Using RAG, a language model is to be optimised so that it can refer to information outside of its own training data and incorporate this into an answer. In the case of the project, the relevant websites are to act as sources of knowledge.
AI determines page content and prepares information
If the project succeeds as planned, answers to questions such as ‘Which countries do the MAs who have studied computational linguistics and are working on speech recognition come from?’ will be just a finger exercise for the DFKI technology. Among other things, it opens up the possibility of finding out things on the basis of the website-specific RAGs that would otherwise hardly be visible or combinable.
Another advantage: ‘The websites automatically become accessible because they can be presented in many languages, by text, voice, image, etc. and in simplified language,’ says Schmeier. At the same time, website maintenance would become much less complicated.
Real answers
Conventional search engines return documents as results to the person searching. RAGs, on the other hand, provide real answers - however, many problems that arise with RAGs from websites have not yet been solved.
The solution approach of the researchers at DFKI: ‘Through the type of indexing, i.e. the transformation of the website content into the content of the RAG, we can find general solutions for the RAGs that can also be applied to other sources,’ explains Schmeier. This would be made possible, for example, by links within documents to other documents.
Difficulties within the project
Making all information accessible for corresponding search queries appears to be a mammoth task that involves a number of hurdles. Even if everything runs smoothly on the part of the AI application, the difficulty lies in the individuality of the websites.

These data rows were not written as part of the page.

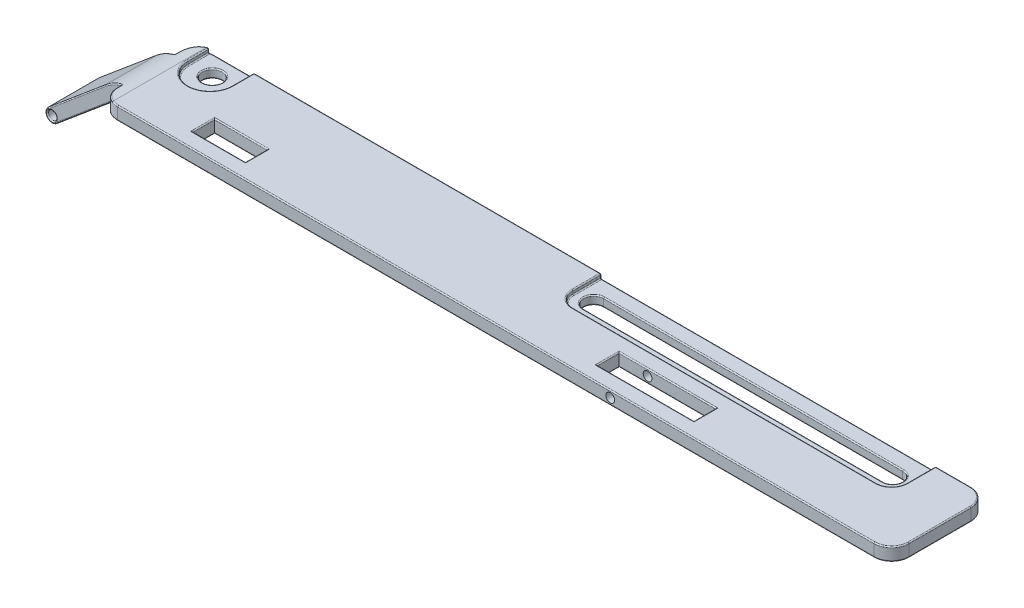
SolidWorks part; units mm, degrees
ref_plane "Front Plane" through (0, 0, 0) normal (0, 0, 1) x (1, 0, 0)
ref_plane "Top Plane" through (0, 0, 0) normal (0, 1, 0) x (1, 0, 0)
ref_plane "Right Plane" through (0, 0, 0) normal (1, 0, 0) x (0, 0, -1)
sketch "Sketch1" plane through (0, 0, 0) normal (0, 0, 1) x (1, 0, 0)
  line L0 (-182.7882, -2.3396) -> (-195, -12.5865)
  line L1 (0, 0) -> (-176.3603, 0)
  line L2 (0, 0) -> (0, 3)
  line L3 (0, 3) -> (-177.4522, 3)
  line L6 (-196.9284, -10.2884) -> (-183.8801, 0.6604)
  arc A0 (-196.9284, -10.2884) -> (-195, -12.5865) centre (-195.9642, -11.4374) ccw
  circle A1 centre (-195.9642, -11.4374) radius 1
  arc A2 (-176.3603, 0) -> (-182.7882, -2.3396) centre (-176.3603, -10) ccw
  arc A3 (-177.4522, 3) -> (-183.8801, 0.6604) centre (-177.4522, -7) ccw
  point P11 (-180, 0)
  dimension "D1" = 2
  dimension "D2" = 10
  dimension "D6" = 10
  dimension "D3" = 140
  dimension "D4" = 15
  dimension "D5" = 3
extrude "Boss-Extrude1" add sketch "Sketch1" along normal blind 11 and the other way blind 11
sketch "Sketch2" plane through (0, 0, 11) normal (0, 0, 1) x (1, 0, 0)
  line L0 (0, 0) -> (0, 3) construction
  line L1 (-210.1499, 9.6657) -> (-180, 9.6657)
  line L2 (-210.1499, 9.6657) -> (-210.1499, -17.5852)
  line L3 (-210.1499, -17.5852) -> (-180, -17.5852)
  line L4 (-180, 9.6657) -> (-180, -17.5852)
  dimension "D1" = 180
extrude "Cut-Extrude1" cut sketch "Sketch2" against normal blind 5
sketch "Sketch3" plane through (0, 0, -11) normal (0, 0, -1) x (-1, 0, 0)
  line L0 (0, 0) -> (0, 3) construction
  line L1 (180, 28.7292) -> (251.8205, 28.7292)
  line L2 (180, 28.7292) -> (180, -54.8714)
  line L3 (180, -54.8714) -> (251.8205, -54.8714)
  line L4 (251.8205, 28.7292) -> (251.8205, -54.8714)
  dimension "D1" = 180
extrude "Cut-Extrude2" cut sketch "Sketch3" against normal blind 5
sketch "Sketch4" plane through (0, 3, 0) normal (0, 1, 0) x (1, 0, 0)
  line L0 (0, -11) -> (-177.4522, -11) construction
  line L1 (-162.4522, -2.5) -> (-150.4522, -2.5)
  line L2 (-162.4522, -2.5) -> (-162.4522, -7.5)
  line L3 (-162.4522, -7.5) -> (-150.4522, -7.5)
  line L4 (-150.4522, -2.5) -> (-150.4522, -7.5)
  line L5 (-70.4522, -2.5) -> (-48.4522, -2.5)
  line L6 (-70.4522, -2.5) -> (-70.4522, -7.5)
  line L7 (-70.4522, -7.5) -> (-48.4522, -7.5)
  line L8 (-48.4522, -2.5) -> (-48.4522, -7.5)
  line L9 (-177.4522, 11) -> (-177.4522, -11) construction
  dimension "D1" = 5
  dimension "D2" = 12
  dimension "D3" = 3.5
  dimension "D4" = 15
  dimension "D5" = 3.5
  dimension "D6" = 80
  dimension "D7" = 22
  dimension "D8" = 5
extrude "Cut-Extrude3" cut sketch "Sketch4" against normal up to next
sketch "Sketch5" plane through (0, 3, 0) normal (0, 1, 0) x (1, 0, 0)
  line L0 (0, 11) -> (-177.4522, 11) construction
  line L1 (-88, 11) -> (-12, 11)
  line L2 (-88, 11) -> (-88, 4.5)
  line L3 (-84.5, 1) -> (-15.5, 1)
  line L4 (-12, 11) -> (-12, 4.5)
  line L5 (0, 11) -> (0, -11) construction
  line L10 (-180, 6) -> (-180, 11) construction
  line L11 (-177, 6) -> (-177, 11)
  line L12 (-177, 11) -> (-167, 11)
  line L13 (-167, 11) -> (-167, 6)
  arc A0 (-15.5, 1) -> (-12, 4.5) centre (-15.5, 4.5) ccw
  arc A1 (-84.5, 1) -> (-88, 4.5) centre (-84.5, 4.5) cw
  arc A2 (-177, 6) -> (-167, 6) centre (-172, 6) ccw
  point P14 (-12, 1)
  point P17 (-88, 1)
  dimension "D4" = 3.5
  dimension "D5" = 10
  dimension "D1" = 76
  dimension "D2" = 12
  dimension "D3" = 10
  dimension "D6" = 5
  dimension "D7" = 8
extrude "Cut-Extrude4" cut sketch "Sketch5" against normal blind 1
sketch "Sketch6" plane through (0, 3, 0) normal (0, 1, 0) x (1, 0, 0)
  line L1 (-84, 7.5) -> (-16, 7.5)
  line L3 (-84, 3) -> (-16, 3)
  line L6 (-12, 11) -> (-88, 11) construction
  line L7 (-12, 4.5) -> (-12, 11) construction
  line L8 (-177, 11) -> (-177, 6) construction
  arc A0 (-84, 7.5) -> (-84, 3) centre (-84, 5.25) ccw
  arc A1 (-16, 3) -> (-16, 7.5) centre (-16, 5.25) ccw
  circle A2 centre (-172, 6.5) radius 2.25
  arc A3 (-177, 6) -> (-167, 6) centre (-172, 6) ccw construction
  point P15 (-172, 1)
  dimension "D5" = 4.5
  dimension "D1" = 4.5
  dimension "D2" = 68
  dimension "D3" = 4
  dimension "D4" = 3.5
  dimension "D6" = 5.5
  dimension "D7" = 5
extrude "Cut-Extrude5" cut sketch "Sketch6" against normal up to next
fillet "Fillet1" radius 4 4 edges at (-180, 0.992, 11) (-180, 0.992, -11) (0, 1.5, 11) (0, 1.5, -11)
fillet "Fillet2" radius 0.25 86 edges at (-167, 2.5, -11) (-177, 2.5, -10.873) (-12, 2.5, -11) (-88, 2.5, -11) (-180, -0.6859, 6.5) (-178.6841, -0.2738, 9.9657) (-180, -0.6859, -6.5) (-179.1965, -0.4106, -9.4047) (-180, 2.67, -6.5) (-179.4342, 2.8016, -9.0509) (-180, 2.67, 6.5) (-179.1546, 2.854, 9.4593) (-167, 2, -8.5) (-172, 2, -1) (-177, 2, -8.4365) (-176.504, 2, -10.9681) (-171.5, 2, -11) (-174.25, 2, -6.5) (-196.9642, -11.4374, -6) (-181.4615, -1.399, -6) (-180, 0.992, -6) (-182.0511, 1.8797, -6) (-190.4042, -4.814, -6) (-197.1132, -12.4016, -6) (-188.8941, -7.463, -6) (-194.9642, -11.4374, 6) (-181.4615, -1.399, 6) (-188.8941, -7.463, 6) (-197.1132, -12.4016, 6) (-190.4042, -4.814, 6) (-182.0511, 1.8797, 6) (-180, 0.992, 6) (-1.1716, 0, 9.8284) (0, 0, 0) (-1.1716, 0, -9.8284) (-90, 0, -11) (-176.1803, 0, -10.9959) (-176.1803, 0, 10.9959) (-90, 0, 11) (-59.4522, 0, 2.5) (-48.4522, 0, 5) (-59.4522, 0, 7.5) (-70.4522, 0, 5) (-156.4522, 0, 2.5) (-150.4522, 0, 5) (-156.4522, 0, 7.5) (-162.4522, 0, 5) (-172, 0, -8.75) (-50, 0, -7.5) (-13.75, 0, -5.25) (-50, 0, -3) (-86.25, 0, -5.25) (-50, 2, -11) (-12, 2, -7.75) (-13.0251, 2, -2.0251) (-50, 2, -1) (-86.9749, 2, -2.0251) (-88, 2, -7.75) (-13.75, 2, -5.25) (-50, 2, -7.5) (-86.25, 2, -5.25) (-50, 2, -3) (-59.4522, 3, 7.5) (-48.4522, 3, 5) (-59.4522, 3, 2.5) (-70.4522, 3, 5) (-156.4522, 3, 7.5) (-150.4522, 3, 5) (-156.4522, 3, 2.5) (-162.4522, 3, 5) (-177.2283, 3, -10.8068) (-177, 3, -8.4365) (-172, 3, -1) (-167, 3, -8.5) (-127.5, 3, -11) (-88, 3, -7.75) (-86.9749, 3, -2.0251) (-50, 3, -1) (-13.0251, 3, -2.0251) (-12, 3, -7.75) (-8, 3, -11) (-1.1716, 3, -9.8284) (0, 3, 0) (-1.1716, 3, 9.8284) (-90, 3, 11) (-176.7388, 3, 10.9312)
sketch "Sketch7" plane through (0, 0, 11) normal (0, 0, 1) x (1, 0, 0)
  line L0 (-4, 2.75) -> (-176, 2.75) construction
  line L1 (-4, 0.25) -> (-4, 2.75) construction
  point P0 (-64, 1.5)
  dimension "D1" = 1.25
  dimension "D2" = 60
hole_wizard "1/16 (0.07874016) Diameter Hole1" positions "Sketch9" profile "Sketch10" hole size "1/16" standard "ANSI Inch"
sketch "Sketch9" plane through (0, 0, 11) normal (0, 0, 1) x (1, 0, 0)
  point P0 (-64, 1.5)
sketch "Sketch10" plane through (-64, 1.5, 11) normal (1, 0, 0) x (0, -1, 0)
  line L0 (0, 0) -> (0, 12)
  line L1 (0, 12) -> (1, 11.3991)
  line L2 (1, 11.3991) -> (1, 0)
  line L5 (1, 0) -> (0, 0)
  line L10 (0, 12) -> (-1, 11.3991) construction
  line L11 (0, -6.35) -> (0, 107.95) construction
  dimension "Hole Dia." = 2
  dimension "Hole Depth" = 12
  dimension "Drill Angle" = 118

‘When parsing the websites to create a robust textual representation of the websites, there have been application-specific challenges to date,’ report the researchers. While working on the project, Sven Schmeier and his team have to deal with ever new exceptions in the design and layout of websites.
On the way to a solution
Research is currently being conducted on two fronts. On the one hand, the creation of a benchmark data set for multi-hop information retrieval via web content - i.e. raw websites. On the other hand, the reasoning capabilities of open-source LLMs for navigating web content are being tested using our own textual web representations.
However, the current zero-shot tests show that the language models used do not select the optimal actions based on the question/web content. In addition, the researchers have already identified significant differences between the open-source LLMs Llama2 70b and GPT4.
The search for a suitable language model therefore continues. In the next series of tests, Gemini ultra 1.5 will be tested in the hope of achieving even better performance. The data set created by the researchers and the improved reasoning capabilities of the Gemini models should contribute to this effect in tandem.